Neste ano o Dia dos Pais deve movimentar R$ 163,7 milhões no comércio de Mato Grosso do Sul entre presentes e comemorações, um volume 20,38% maior que o estimado para 2018, conforme mostra a pesquisa sazonal de intenção de compras do Instituto de Pesquisa e Desenvolvimento da Fecomércio-MS (IPF-MS). O levantamento foi realizado com 1.514 pessoas em 6 municípios de Mato Grosso do Sul (Campo Grande, Corumbá, Dourados, Ladário, Ponta Porã e Três Lagoas) entre os dias 15 e 23 de julho.

 

“A data se projeta como um importante momento para o comércio e também para o segmento de serviços, diante da disposição do consumidor, inclusive notamos que em alguns municípios como Dourados e Ponta Porã a movimentação do Dia dos Pais vai superar a o Dia das Mães”, observa o presidente do IPF-MS, Edison Araújo.

 

Conforme a pesquisa, aumentou tanto o percentual de consumidores que pretendem comprar presentes quanto os que vão comemorar a data.
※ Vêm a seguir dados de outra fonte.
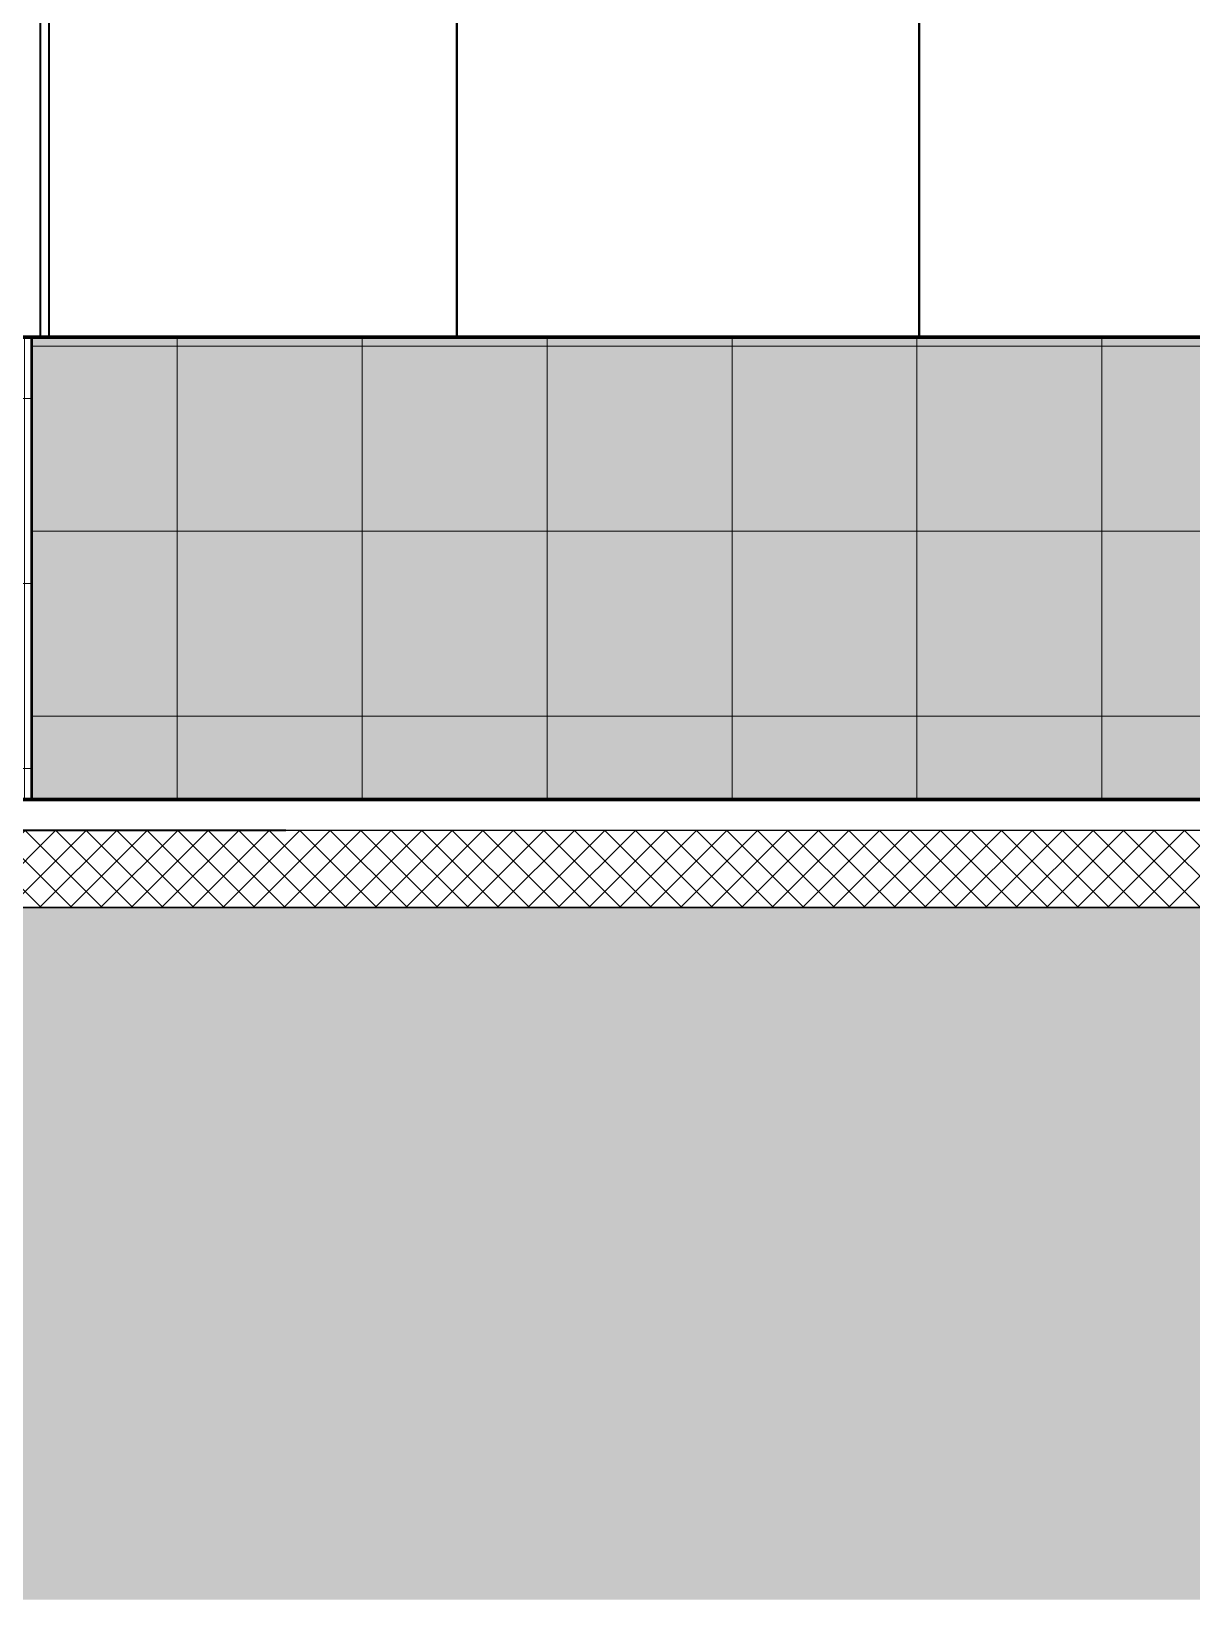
# Model space of a CAD drawing. Header units: millimetres. Extents: x -25371 to 2282244, y -90657 to 147824.
# Drawn here: x 2221009 to 2224774, y -5068 to 19 of the extents above; entities that cross this region are included whole.
import ezdxf

# ---------------------------------------------------------------- set-up
doc = ezdxf.new("R2010")
doc.units = ezdxf.units.MM
doc.layers.add('000 - EXISTING_BUILDING_MAIN_COLOR_251', color=7, linetype='Continuous')
for name, color, linetype, lineweight in [('A-DETL', 7, 'Continuous', 70), ('A-DETL-GENF', 7, 'Continuous', 35), ('A-DETL-THIN', 7, 'Continuous', 25), ('A-DOOR', 7, 'Continuous', 35), ('A-DOOR-E', 7, 'Continuous', 35), ('A-DOOR-FRAM', 7, 'Continuous', 35), ('A-DOOR-HDLN', 7, 'Continuous', 70), ('A-FLOR-E', 7, 'Continuous', 35), ('A-FLOR-FNSH', 7, 'Continuous', 70), ('A-FLOR-HRAL', 7, 'Continuous', 35), ('A-FLOR-OTLN', 7, 'Continuous', 35), ('A-FLOR-PATT', 7, 'Continuous', 70), ('A-GLAZ-CURT', 7, 'Continuous', 35), ('A-WALL-PATT', 7, 'Continuous', 50), ('I-WALL-E', 7, 'Continuous', 50), ('WALL-E', 7, 'Continuous', 50)]:
    doc.layers.add(name, color=color, linetype=linetype, lineweight=lineweight)

# ---------------------------------------------------------------- blocks, each defined once
blk = doc.blocks.new('DPA_DR-DB-SW1 - D27_2000x2150 mm-V17-VS01 - ELEVATION 1')
at = {"layer": 'A-DOOR', "color": 7}
for p, q in [((9272.4, 103600), (9246, 103600)), ((9246, 103600), (9626, 103600)), ((9626, 103600), (9272.4, 103600))]:
    blk.add_line(p, q, dxfattribs=at)
at = {"layer": 'A-DOOR-E', "color": 7}
for p, q in [((9255.5, 103600), (9256.8, 103600)), ((9255.5, 103600), (9626, 103600)), ((9626, 103600), (9256.8, 103600)), ((9282.4, 103600), (9283.7, 103600)), ((9282.4, 103600), (9626, 103600)), ((9283.7, 103600), (9626, 103600))]:
    blk.add_line(p, q, dxfattribs=at)
at = {"layer": 'A-DOOR-FRAM', "color": 7}
for p, q in [((9246, 103600), (9272.4, 103600)), ((9272.4, 103600), (9246, 103600)), ((9246, 103600), (9255.5, 103600)), ((9255.5, 103600), (9246, 103600))]:
    blk.add_line(p, q, dxfattribs=at)
blk = doc.blocks.new('DPA_AC-PL_FLOOR ROOM CAL - A41_1000 x 1000 mm-5549838-VS01 - ELEVATION 1')
at = {"layer": 'A-DOOR-E', "color": 7}
for p, q in [((9578.8, 103600), (8748.6, 103600)), ((8748.6, 103600), (9470.3, 103600)), ((9470.3, 103600), (10300.4, 103600)), ((10300.4, 103600), (9578.8, 103600))]:
    blk.add_line(p, q, dxfattribs=at)
at = {"layer": 'A-DOOR-HDLN', "color": 7}
for p, q in [((8819.1, 103600), (10229.9, 103600)), ((9475.2, 103600), (8819.1, 103600)), ((8819.1, 103600), (9573.9, 103600)), ((9475.2, 103600), (9573.9, 103600)), ((10229.9, 103600), (9475.2, 103600)), ((9573.9, 103600), (10229.9, 103600))]:
    blk.add_line(p, q, dxfattribs=at)
blk = doc.blocks.new('System Panel - DPA-AR_Facade_Solid Panel 150mm-5074316-VS01 - ELEVATION 1')
at = {"layer": 'A-GLAZ-CURT', "color": 7}
for p, q in [((29357.8, 103600), (29357.8, 106600)), ((29357.8, 106600), (30857.8, 106600)), ((30857.8, 106600), (29357.8, 106600)), ((29357.8, 106600), (29357.8, 103600)), ((30857.8, 106600), (30857.8, 103600)), ((30857.8, 103600), (30857.8, 106600)), ((30857.8, 103600), (29357.8, 103600)), ((29357.8, 103600), (30857.8, 103600))]:
    blk.add_line(p, q, dxfattribs=at)
blk = doc.blocks.new('System Panel - DPA-AR_Facade_Solid Panel 150mm-5093853-VS01 - ELEVATION 1')
at = {"layer": 'A-GLAZ-CURT', "color": 7}
for p, q in [((7033.9, 106600), (8357.8, 106600)), ((8357.8, 106600), (7033.9, 106600)), ((7033.9, 106600), (7033.9, 103600)), ((8357.8, 106600), (8357.8, 103600)), ((8357.8, 103600), (8357.8, 106600)), ((8357.8, 103600), (7033.9, 103600)), ((7033.9, 103600), (8357.8, 103600))]:
    blk.add_line(p, q, dxfattribs=at)
blk = doc.blocks.new('System Panel - DPA-AR_Facade_Solid Panel 150mm-5072658-VS01 - ELEVATION 1')
at = {"layer": 'A-GLAZ-CURT', "color": 7}
for p, q in [((6384.1, 103600), (6215, 103600)), ((6313.5, 103600), (6215, 103600)), ((6313.5, 103600), (6384.1, 103600)), ((7266.6, 103600), (7445.5, 103600)), ((7347.1, 103600), (7266.6, 103600)), ((7347.1, 103600), (7445.5, 103600))]:
    blk.add_line(p, q, dxfattribs=at)
blk = doc.blocks.new('System Panel - DPA-AR_Facade_Solid Panel 150mm-V28-VS01 - ELEVATION 1')
at = {"layer": 'A-GLAZ-CURT', "color": 7}
for p, q in [((8479.1, 103600), (7347.1, 103600)), ((7445.5, 103600), (7347.1, 103600)), ((7445.5, 103600), (8577.5, 103600)), ((8479.1, 103600), (8577.5, 103600))]:
    blk.add_line(p, q, dxfattribs=at)
blk = doc.blocks.new('System Panel - DPA-AR_Facade_Solid Panel 150mm-5527618-VS01 - ELEVATION 1')
at = {"layer": 'A-GLAZ-CURT', "color": 7}
for p, q in [((10479.2, 103600), (9611.2, 103600)), ((9709.6, 103600), (9611.2, 103600)), ((9709.6, 103600), (10577.6, 103600)), ((10479.2, 103600), (10577.6, 103600))]:
    blk.add_line(p, q, dxfattribs=at)
blk = doc.blocks.new('System Panel - DPA-AR_Facade_Solid Panel 150mm-5778940-VS01 - ELEVATION 1')
at = {"layer": 'A-GLAZ-CURT', "color": 7}
for p, q in [((8675.6, 103600), (7805.7, 103600)), ((7904.1, 103600), (7805.7, 103600)), ((7904.1, 103600), (8774, 103600)), ((8675.6, 103600), (8774, 103600))]:
    blk.add_line(p, q, dxfattribs=at)
blk = doc.blocks.new('System Panel - DPA-AR_Facade_Solid Panel 150mm-V33-VS01 - ELEVATION 1')
at = {"layer": 'A-GLAZ-CURT', "color": 7}
for p, q in [((7266.6, 103600), (7515.9, 103600)), ((7515.9, 103600), (7266.6, 103600)), ((7565.1, 103600), (7904.1, 103600)), ((7805.7, 103600), (7565.1, 103600)), ((7805.7, 103600), (7904.1, 103600))]:
    blk.add_line(p, q, dxfattribs=at)
blk = doc.blocks.new('System Panel - DPA-AR_Facade_Solid Panel 150mm-5091727-VS01 - ELEVATION 1')
at = {"layer": 'A-GLAZ-CURT', "color": 7}
for p, q in [((7006.3, 106600), (6101.8, 106600)), ((6101.8, 106600), (6101.8, 103600)), ((6101.8, 106600), (6215, 106600)), ((6215, 106600), (6313.5, 106600)), ((6313.5, 106600), (7119.5, 106600)), ((7006.3, 103600), (7006.3, 106600)), ((7006.3, 106600), (7119.5, 106600)), ((6101.8, 103600), (7006.3, 103600)), ((6101.8, 103600), (6215, 103600)), ((7119.5, 103600), (6215, 103600)), ((7119.5, 103600), (7006.3, 103600))]:
    blk.add_line(p, q, dxfattribs=at)
blk = doc.blocks.new('System Panel - DPA-AR_Facade_Solid Panel 150mm-V35-VS01 - ELEVATION 1')
at = {"layer": 'A-GLAZ-CURT', "color": 7}
for p, q in [((9246, 103600), (9626, 103600)), ((9626, 103600), (9246, 103600))]:
    blk.add_line(p, q, dxfattribs=at)
blk = doc.blocks.new('DPA_DR-SG-SW - D4_1100x2150 mm-V49-VS01 - ELEVATION 1')
at = {"layer": 'A-DOOR', "color": 7}
for p, q in [((8927.5, 103600), (8959.9, 103600)), ((9603, 103600), (8927.5, 103600)), ((8959.9, 103600), (9626, 103600)), ((9626, 103600), (9603, 103600))]:
    blk.add_line(p, q, dxfattribs=at)
at = {"layer": 'A-DOOR-E', "color": 7}
for p, q in [((8938.8, 103600), (8937.3, 103600)), ((8937.3, 103600), (9593.2, 103600)), ((8938.8, 103600), (9594.7, 103600)), ((8969.8, 103600), (8968.3, 103600)), ((9624.1, 103600), (8968.3, 103600)), ((8969.8, 103600), (9625.6, 103600)), ((9593.2, 103600), (9594.7, 103600)), ((9624.1, 103600), (9625.6, 103600))]:
    blk.add_line(p, q, dxfattribs=at)
at = {"layer": 'A-DOOR-FRAM', "color": 7}
for p, q in [((8927.5, 103600), (8904.5, 103600)), ((8904.5, 103600), (8980, 103600)), ((8959.9, 103600), (8927.5, 103600)), ((8969.8, 103600), (8959.9, 103600)), ((9012.8, 103600), (8969.8, 103600)), ((8980, 103600), (9012.8, 103600)), ((9603, 103600), (9626, 103600)), ((9626, 103600), (9603, 103600))]:
    blk.add_line(p, q, dxfattribs=at)
blk = doc.blocks.new('Generic Models 2 - Generic Models 45-5662310-VS01 - ELEVATION 1')
at = {"layer": '000 - EXISTING_BUILDING_MAIN_COLOR_251', "color": 7}
for p, q in [((7802.9, 102000), (5350.1, 102000)), ((6157, 102000), (7802.9, 102000)), ((7174.9, 102000), (7094.3, 102000)), ((7383.7, 102000), (7304.7, 102000)), ((7593.1, 102000), (7525.3, 102000)), ((30158.1, 102000), (7802.9, 102000)), ((32007.8, 102000), (7802.9, 102000))]:
    blk.add_line(p, q, dxfattribs=at)
blk = doc.blocks.new('Railing - 50mm-V95-VS01 - ELEVATION 1')
at = {"layer": 'A-FLOR-HRAL', "color": 7, "lineweight": 9}
for p, q in [((7998.4, 103600), (7954.6, 103600)), ((7955, 103600), (7960.7, 103600)), ((7960.7, 103600), (8004.6, 103600)), ((8004.1, 103600), (7998.4, 103600))]:
    blk.add_line(p, q, dxfattribs=at)
blk = doc.blocks.new('Railing - Railing-5829458-VS01 - ELEVATION 1')
at = {"color": 7}
blk.add_blockref('Railing - 50mm-V95-VS01 - ELEVATION 1', (0, 0), dxfattribs=at)
blk = doc.blocks.new('Top Rail Type - Top Rail_Internal_-5829468-VS01 - ELEVATION 1')
at = {"layer": 'A-FLOR-HRAL', "color": 7, "lineweight": 9}
for p, q in [((8396.4, 103600), (8440.2, 103600)), ((8402.5, 103600), (8396.8, 103600)), ((8432.3, 103600), (8402.5, 103600)), ((8446.3, 103600), (8433.2, 103600)), ((8440.2, 103600), (8445.9, 103600)), ((5652.6, 102100), (5661.2, 102100)), ((5694, 102100), (5653, 102100)), ((5661.2, 102100), (5702.1, 102100)), ((5702.5, 102100), (5694, 102100))]:
    blk.add_line(p, q, dxfattribs=at)

msp = doc.modelspace()

# ---------------------------------------------------------------- hatches: boundary and pattern name
at = {"layer": 'A-DETL-GENF', "lineweight": 9}
h = msp.add_hatch(dxfattribs=at)
h.set_pattern_fill('FP_31', style=0, pattern_type=2)
h.set_pattern_definition([(45, (2233847.65, -104572.74), (0, 449.0128), [317.5, -317.5]), (45, (2233763.46, -104488.56), (0, 449.0128), [317.5, -317.5]), (45, (2233679.27, -104404.37), (0, 449.0128), [317.5, -317.5]), (135, (2233679.27, -104348.23), (-449.0128, 3e-14), [317.5, -317.5]), (135, (2233763.46, -104264.05), (-449.0128, 3e-14), [317.5, -317.5]), (135, (2233847.65, -104179.86), (-449.0128, 3e-14), [317.5, -317.5])])
h.paths.add_polyline_path([(2205833.686, -5067.88), (2256521.258, -5067.88), (2256521.258, -3572.744), (2254891.129, -3572.744), (2254891.129, -4112.744), (2254148.263, -4112.744), (2254148.263, -3572.744), (2252197.408, -3572.744), (2252197.408, -2822.744), (2212726.236, -2822.744), (2212726.236, -3572.744), (2205833.686, -3572.744), (2205833.686, -4245.432)])
at = {"layer": 'A-FLOR-PATT', "lineweight": 9}
h = msp.add_hatch(dxfattribs=at)
h.set_pattern_fill('FP_23', angle=-225, style=0, pattern_type=2)
h.set_pattern_definition([(225, (2234056.6, -2572.744), (49.49747, -49.49747), []), (315, (2234056.6, -2572.744), (49.49747, 49.49747), [])])
h.paths.add_polyline_path([(2228405.495, -2822.744), (2252197.408, -2822.744), (2252197.408, -2572.744), (2212740.402, -2572.744), (2212740.402, -2822.744), (2228207.497, -2822.744)])
at = {"layer": 'A-WALL-PATT', "lineweight": 9}
h = msp.add_hatch(dxfattribs=at)
h.set_pattern_fill('FP_5', style=0, pattern_type=2)
h.set_pattern_definition([(0, (2227408.77, -104572.74), (533.244, 203.2), [21.996, -377.937, 21.996, -377.937, -2132.975]), (0, (2227408.77, -104572.74), (533.244, 203.2), [-799.866, 21.996, -777.869, 21.996, -377.937, -933.177]), (0, (2227408.77, -104572.74), (533.244, 203.2), [-1999.664, 21.996, -244.626, 21.996, -644.558]), (110.745, (2227608.74, -104471.14), (-382.06807, 602.30784), [31.049, -533.482, -3575.365]), (110.745, (2227608.74, -104471.14), (-382.06807, 602.30784), [-564.531, 31.049, -533.482, -3010.834]), (110.745, (2227608.74, -104471.14), (-382.06807, 602.30784), [-1129.063, 31.049, -1098.014, -1881.771]), (110.745, (2227608.74, -104471.14), (-382.06807, 602.30784), [-2258.126, 31.049, -533.482, -1317.24]), (110.745, (2227608.74, -104471.14), (-382.06807, 602.30784), [-2822.657, 31.049, -345.305, -940.886]), (110.745, (2227608.74, -104471.14), (-382.06807, 602.30784), [-3199.011, 31.049, -909.836]), (249.255, (2227675.39, -104064.74), (-151.16483, -805.50714), [31.049, -533.482, -3575.365]), (249.255, (2227675.39, -104064.74), (-151.16483, -805.50714), [-564.531, 31.049, -533.482, -3010.834]), (249.255, (2227675.39, -104064.74), (-151.16483, -805.50714), [-1129.063, 31.049, -1098.014, -1881.771]), (249.255, (2227675.39, -104064.74), (-151.16483, -805.50714), [-2258.126, 31.049, -533.482, -1317.24]), (249.255, (2227675.39, -104064.74), (-151.16483, -805.50714), [-2822.657, 31.049, -345.305, -940.886]), (249.255, (2227675.39, -104064.74), (-151.16483, -805.50714), [-3199.011, 31.049, -909.836])])
h.paths.add_polyline_path([(2220980.558, -2472.744), (2221009.454, -2472.744), (2221009.454, -972.744), (2220879.061, -972.744), (2220879.061, -2472.744), (2220933.181, -2472.744)])
h = msp.add_hatch(dxfattribs=at)
h.set_pattern_fill('FP_6', style=0, pattern_type=2)
h.set_pattern_definition([(0, (2220987, -4172.74), (0, 600), []), (90, (2220987.03, -4172.74), (-393.635, 2e-14), [])])
h.paths.add_polyline_path([(2220980.558, -2472.744), (2221009.454, -2472.744), (2221009.454, -972.744), (2220879.061, -972.744), (2220879.061, -2472.744), (2220933.181, -2472.744)])
h = msp.add_hatch(dxfattribs=at)
h.set_pattern_fill('FP_3', style=0, pattern_type=2)
h.set_pattern_definition([(0, (2233847.65, -104572.74), (812.8, 203.2), [33.528, -576.072, 33.528, -576.072, -3251.2]), (0, (2233847.65, -104572.74), (812.8, 203.2), [-1219.2, 33.528, -1185.672, 33.528, -576.072, -1422.4]), (0, (2233847.65, -104572.74), (812.8, 203.2), [-3048, 33.528, -372.872, 33.528, -982.472]), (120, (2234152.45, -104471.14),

Do montante a ser movimentado com o Dia dos Pais, R$ 89,86 milhões são em presentes e R$ 73,94 milhões comemorações.

 

Roupas (29,46%), calçados (15,29%), perfumes e cosméticos (16,01%) aparecem no topo dos presentes preferidos pelos compradores e ainda há um percentual de 8,97% que não decidiram o que vão comprar.

 

Quanto aos locais de compra, mais consumidores pretendem ir ao shoppings (17% neste ano contra 10% em 2018), o centro perde parte da preferência, (de 72% para 60%) e também há aumento considerável no contingente que vai comprar na internet (5% a 12%).

 

Dos entrevistados, 43,8% pretendem pagar com dinheiro, queda em relação a anos anteriores, com 25,42% apontando que vão comprar no crédito, 16,14% no débito e 9,39% parcelado. “São números importantes e que balizam tomadas de decisão, por exemplo, quando perguntado ao consumidor quais elementos que podem definir as compras, o preço aparece reforçando a necessidade de uma estratégia de divulgação das promoções”, diz a economista do IPF-MS, Daniela Dias.